• _What you are asked to do_
Find the line that contains "msp.add_blockref('_Open30', p, dxfattribs=at)", then repeat it and each line after it to the end of the records, exactly.

___ Material shown ___

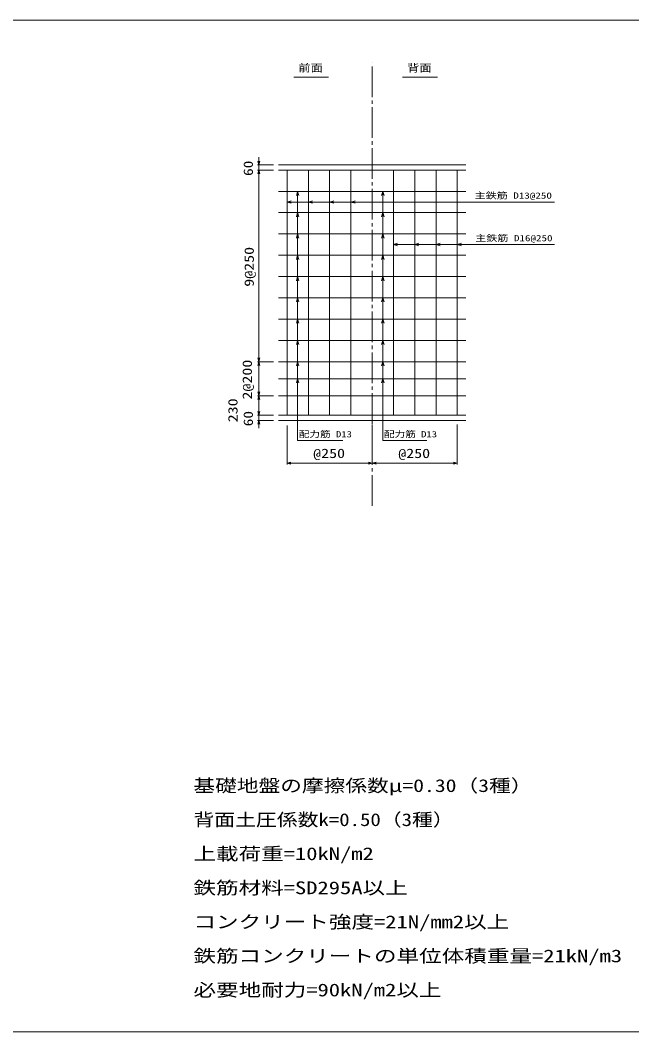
# Model space of a CAD drawing. Units: millimetres, scale not verified. Extents: x -8400 to 126000, y -5940 to 5940.
# Drawn here: x 68282 to 75469, y -5940 to 5940 of the extents above; entities that cross this region are included whole.
import ezdxf
from ezdxf.enums import TextEntityAlignment as Align

# ---------------------------------------------------------------- set-up
doc = ezdxf.new("R2010")
doc.units = ezdxf.units.MM
doc.header["$LTSCALE"] = 40
doc.linetypes.add('CHAIN2', pattern=[12, 9, -1, 1, -1])
doc.layers.add('1-0_0', color=134, linetype='Continuous', lineweight=18)
doc.styles.add('ＭＳ ゴシック', font='')
doc.styles.get('ＭＳ ゴシック').set_extended_font_data('MS Gothic')

# ---------------------------------------------------------------- blocks, each defined once
blk = doc.blocks.new('_Open30')
at = {"layer": '1-0_0', "color": 2}
blk.add_line((0, 0), (-1, 0), dxfattribs=at)
blk.add_lwpolyline([(-1, 0.2679), (0, 0), (-1, -0.2679)], dxfattribs=at)

msp = doc.modelspace()

# ---------------------------------------------------------------- linework, layer by layer
at = {"layer": '1-0_0', "linetype": 'CHAIN2'}
msp.add_line((72418.42, 238.13), (72418.42, 5440), dxfattribs=at)
at = {"layer": '1-0_0'}
for p, q in [((71496.57, 5271.86), (71905.25, 5271.86)), ((72775.86, 5271.86), (73184.53, 5271.86)), ((71318.97, 4240), (73517.88, 4240)), ((73517.88, 4180), (71318.97, 4180)), ((71542.48, 3930), (71527.59, 3880.85)), ((71542.48, 3930), (71557.36, 3880.85)), ((72543.42, 3930), (72528.54, 3880.85)), ((72543.42, 3930), (72558.31, 3880.85)), ((71418.42, 3805), (71467.58, 3819.88)), ((71418.42, 3805), (74561.42, 3805)), ((71418.42, 3805), (71467.58, 3790.12)), ((71668.42, 3805), (71717.58, 3819.88)), ((71668.42, 3805), (71717.58, 3790.12)), ((71918.42, 3805), (71967.58, 3819.88)), ((71918.42, 3805), (71967.58, 3790.12)), ((72168.42, 3805), (72217.58, 3819.88)), ((72168.42, 3805), (72217.58, 3790.12)), ((71542.48, 3680), (71527.59, 3630.85)), ((71542.48, 3680), (71557.36, 3630.85)), ((72543.42, 3680), (72528.54, 3630.85)), ((72543.42, 3680), (72558.31, 3630.85)), ((71542.48, 3430), (71527.59, 3380.85)), ((71542.48, 3430), (71557.36, 3380.85)), ((72543.42, 3430), (72528.54, 3380.85)), ((72543.42, 3430), (72558.31, 3380.85)), ((72668.42, 3305), (72717.58, 3319.89)), ((72668.42, 3305), (74561.42, 3305)), ((72668.42, 3305), (72717.58, 3290.12)), ((72918.42, 3305), (72967.58, 3319.89)), ((72918.42, 3305), (72967.58, 3290.12)), ((73168.42, 3305), (73217.58, 3319.89)), ((73168.42, 3305), (73217.58, 3290.12)), ((73418.42, 3305), (73467.58, 3319.89)), ((73418.42, 3305), (73467.58, 3290.12)), ((71542.48, 3180), (71527.59, 3130.85)), ((71542.48, 3180), (71557.36, 3130.85)), ((72543.42, 3180), (72528.54, 3130.85)), ((72543.42, 3180), (72558.31, 3130.85)), ((71542.48, 2930), (71527.59, 2880.85)), ((71542.48, 2930), (71557.36, 2880.85)), ((72543.42, 2930), (72528.54, 2880.85)), ((72543.42, 2930), (72558.31, 2880.85)), ((71542.48, 2680), (71527.59, 2630.85)), ((71542.48, 2680), (71557.36, 2630.85)), ((72543.42, 2680), (72528.54, 2630.85)), ((72543.42, 2680), (72558.31, 2630.85)), ((71542.48, 2430), (71527.59, 2380.85)), ((71542.48, 2430), (71557.36, 2380.85)), ((72543.42, 2430), (72528.54, 2380.85)), ((72543.42, 2430), (72558.31, 2380.85)), ((71542.48, 2180), (71527.59, 2130.85)), ((71542.48, 2180), (71557.36, 2130.85)), ((72543.42, 2180), (72528.54, 2130.85)), ((72543.42, 2180), (72558.31, 2130.85)), ((71542.48, 1930), (71527.59, 1880.85)), ((71542.48, 1930), (71557.36, 1880.85)), ((72543.42, 1930), (72528.54, 1880.85)), ((72543.42, 1930), (72558.31, 1880.85)), ((71542.48, 1730), (71527.59, 1680.85)), ((71542.48, 1730), (71557.36, 1680.85)), ((72543.42, 1730), (72528.54, 1680.85)), ((72543.42, 1730), (72558.31, 1680.85)), ((73517.88, 1300), (71318.97, 1300)), ((71318.97, 1240), (73517.88, 1240))]:
    msp.add_line(p, q, dxfattribs=at)
at = {"layer": '1-0_0', "color": 2}
for p, q in [((71087.14, 4285), (71087.14, 4330)), ((71258.97, 4240), (71072.14, 4240)), ((71258.97, 4180), (71072.14, 4180)), ((71258.97, 4180), (71072.14, 4180)), ((71087.14, 4180), (71087.14, 4240)), ((71087.14, 4135), (71087.14, 4090)), ((71087.14, 1975), (71087.14, 4135)), ((71258.97, 1930), (71072.14, 1930)), ((71258.97, 1930), (71072.14, 1930)), ((71087.14, 1575), (71087.14, 1885)), ((71258.97, 1530), (71072.14, 1530)), ((71258.97, 1530), (71072.14, 1530)), ((71087.14, 1345), (71087.14, 1485)), ((71087.14, 1345), (71087.14, 1390)), ((71258.97, 1300), (71072.14, 1300)), ((71258.97, 1300), (71072.14, 1300)), ((71258.97, 1240), (71072.14, 1240)), ((71087.14, 1240), (71087.14, 1300)), ((71087.14, 1195), (71087.14, 1150)), ((72418.42, 1190.69), (72418.42, 723.13)), ((72418.42, 1190.69), (72418.42, 723.13)), ((73418.42, 1190.69), (73418.42, 723.13)), ((71418.42, 1180), (71418.42, 723.13)), ((71463.42, 738.13), (72373.42, 738.13)), ((72463.42, 738.13), (73373.42, 738.13))]:
    msp.add_line(p, q, dxfattribs=at)
at = {"layer": '1-0_0', "color": 41}
for p, q in [((71318.97, 4180), (73517.88, 4180)), ((71418.42, 1300), (71418.42, 4180)), ((71668.42, 1300), (71668.42, 4180)), ((71918.42, 1300), (71918.42, 4180)), ((72168.42, 1300), (72168.42, 4180)), ((72668.42, 1300), (72668.42, 4180)), ((72918.42, 1300), (72918.42, 4180)), ((73168.42, 1300), (73168.42, 4180)), ((73418.42, 1300), (73418.42, 4180)), ((73517.88, 3930), (71318.97, 3930)), ((73517.88, 3680), (71318.97, 3680)), ((73517.88, 3430), (71318.97, 3430)), ((73517.88, 3180), (71318.97, 3180)), ((73517.88, 2930), (71318.97, 2930)), ((73517.88, 2680), (71318.97, 2680)), ((73517.88, 2430), (71318.97, 2430)), ((73517.88, 2180), (71318.97, 2180)), ((73517.88, 1930), (71318.97, 1930)), ((73517.88, 1730), (71318.97, 1730)), ((73517.88, 1530), (71318.97, 1530)), ((73517.88, 1300), (71318.97, 1300))]:
    msp.add_line(p, q, dxfattribs=at)
at = {"layer": '1-0_0'}
msp.add_lwpolyline([(58800, 5940), (75600, 5940), (75600, -5940), (58800, -5940)], close=True, dxfattribs=at)
for points in [[(71542.48, 3930), (71542.48, 1002.28), (72074.69, 1002.28)], [(72543.42, 3930), (72543.42, 1002.28), (73061.11, 1002.28)]]:
    msp.add_lwpolyline(points, dxfattribs=at)

# ---------------------------------------------------------------- block references
at = {"layer": '1-0_0', "xscale": 45, "yscale": 45}
for p, rotation in [((71087.14, 4240), 270), ((71087.14, 4180), 90), ((71087.14, 4180), 90), ((71087.14, 1930), 270), ((71087.14, 1930), 90), ((71087.14, 1530), 270), ((71087.14, 1530), 90), ((71087.14, 1300), 270), ((71087.14, 1300), 270), ((71087.14, 1240), 90), ((71418.42, 738.13), 180), ((72418.42, 738.13), 180)]:
    msp.add_blockref('_Open30', p, dxfattribs=dict(at, rotation=rotation))
for p in [(72418.42, 738.13), (73418.42, 738.13)]:
    msp.add_blockref('_Open30', p, dxfattribs=at)

# ---------------------------------------------------------------- texts
at = {"layer": '1-0_0', "style": 'ＭＳ ゴシック'}
for s, height, width, p in [('前面', 87.98, 1.2, (71550.29, 5309.3)), ('背面', 87.98, 1.2, (72829.58, 5309.3)), ('主鉄筋 D13@250', 73.31, 1.3, (73621.68, 3822.21)), ('主鉄筋 D16@250', 73.31, 1.3, (73629.16, 3322.21)), ('配力筋 D13', 73.31, 1.25, (71555.7, 1019.49)), ('配力筋 D13', 73.31, 1.25, (72556.65, 1019.49)), ('基礎地盤の摩擦係数μ=0.30（3種）', 149.6, 1.25, (70317.57, -3168.91)), ('背面土圧係数k=0.50（3種）', 149.6, 1.2, (70317.57, -3568.91)), ('上載荷重=10kN/m2', 149.6, 1.3, (70317.57, -3968.91)), ('鉄筋材料=SD295A以上', 149.6, 1.3, (70317.57, -4368.91)), ('コンクリート強度=21N/mm2以上', 149.6, 1.3, (70317.57, -4768.91)), ('鉄筋コンクリートの単位体積重量=21kN/m3', 149.6, 1.3, (70317.57, -5168.91)), ('必要地耐力=90kN/m2以上', 149.6, 1.3, (70317.57, -5568.91))]:
    msp.add_text(s, height=height, dxfattribs=dict(at, width=width)).set_placement(p, align=Align.BOTTOM_LEFT)
at = {"layer": '1-0_0', "color": 2, "style": 'ＭＳ ゴシック'}
for s, width, p in [('60', 1.2, (71049.64, 4111.02)), ('9@250', 1.25, (71059.95, 2810.2)), ('2@200', 1.25, (71037.45, 1485.58)), ('230', 1.25, (70868.78, 1218.05)), ('60', 1.2, (71049.64, 1171.02))]:
    msp.add_text(s, height=110, rotation=90, dxfattribs=dict(at, width=width)).set_placement(p, align=Align.BOTTOM_LEFT)
at = {"layer": '1-0_0', "color": 2, "style": 'ＭＳ ゴシック', "width": 1.25}
for p in [(71725.02, 765.31), (72725.02, 765.31)]:
    msp.add_text('@250', height=110, dxfattribs=at).set_placement(p, align=Align.BOTTOM_LEFT)

doc.saveas('drawing.dxf')

___

• _Answer to this exercise_
    msp.add_blockref('_Open30', p, dxfattribs=at)

# ---------------------------------------------------------------- texts
at = {"layer": '1-0_0', "style": 'ＭＳ ゴシック'}
for s, height, width, p in [('前面', 87.98, 1.2, (71550.29, 5309.3)), ('背面', 87.98, 1.2, (72829.58, 5309.3)), ('主鉄筋 D13@250', 73.31, 1.3, (73621.68, 3822.21)), ('主鉄筋 D16@250', 73.31, 1.3, (73629.16, 3322.21)), ('配力筋 D13', 73.31, 1.25, (71555.7, 1019.49)), ('配力筋 D13', 73.31, 1.25, (72556.65, 1019.49)), ('基礎地盤の摩擦係数μ=0.30（3種）', 149.6, 1.25, (70317.57, -3168.91)), ('背面土圧係数k=0.50（3種）', 149.6, 1.2, (70317.57, -3568.91)), ('上載荷重=10kN/m2', 149.6, 1.3, (70317.57, -3968.91)), ('鉄筋材料=SD295A以上', 149.6, 1.3, (70317.57, -4368.91)), ('コンクリート強度=21N/mm2以上', 149.6, 1.3, (70317.57, -4768.91)), ('鉄筋コンクリートの単位体積重量=21kN/m3', 149.6, 1.3, (70317.57, -5168.91)), ('必要地耐力=90kN/m2以上', 149.6, 1.3, (70317.57, -5568.91))]:
    msp.add_text(s, height=height, dxfattribs=dict(at, width=width)).set_placement(p, align=Align.BOTTOM_LEFT)
at = {"layer": '1-0_0', "color": 2, "style": 'ＭＳ ゴシック'}
for s, width, p in [('60', 1.2, (71049.64, 4111.02)), ('9@250', 1.25, (71059.95, 2810.2)), ('2@200', 1.25, (71037.45, 1485.58)), ('230', 1.25, (70868.78, 1218.05)), ('60', 1.2, (71049.64, 1171.02))]:
    msp.add_text(s, height=110, rotation=90, dxfattribs=dict(at, width=width)).set_placement(p, align=Align.BOTTOM_LEFT)
at = {"layer": '1-0_0', "color": 2, "style": 'ＭＳ ゴシック', "width": 1.25}
for p in [(71725.02, 765.31), (72725.02, 765.31)]:
    msp.add_text('@250', height=110, dxfattribs=at).set_placement(p, align=Align.BOTTOM_LEFT)

doc.saveas('drawing.dxf')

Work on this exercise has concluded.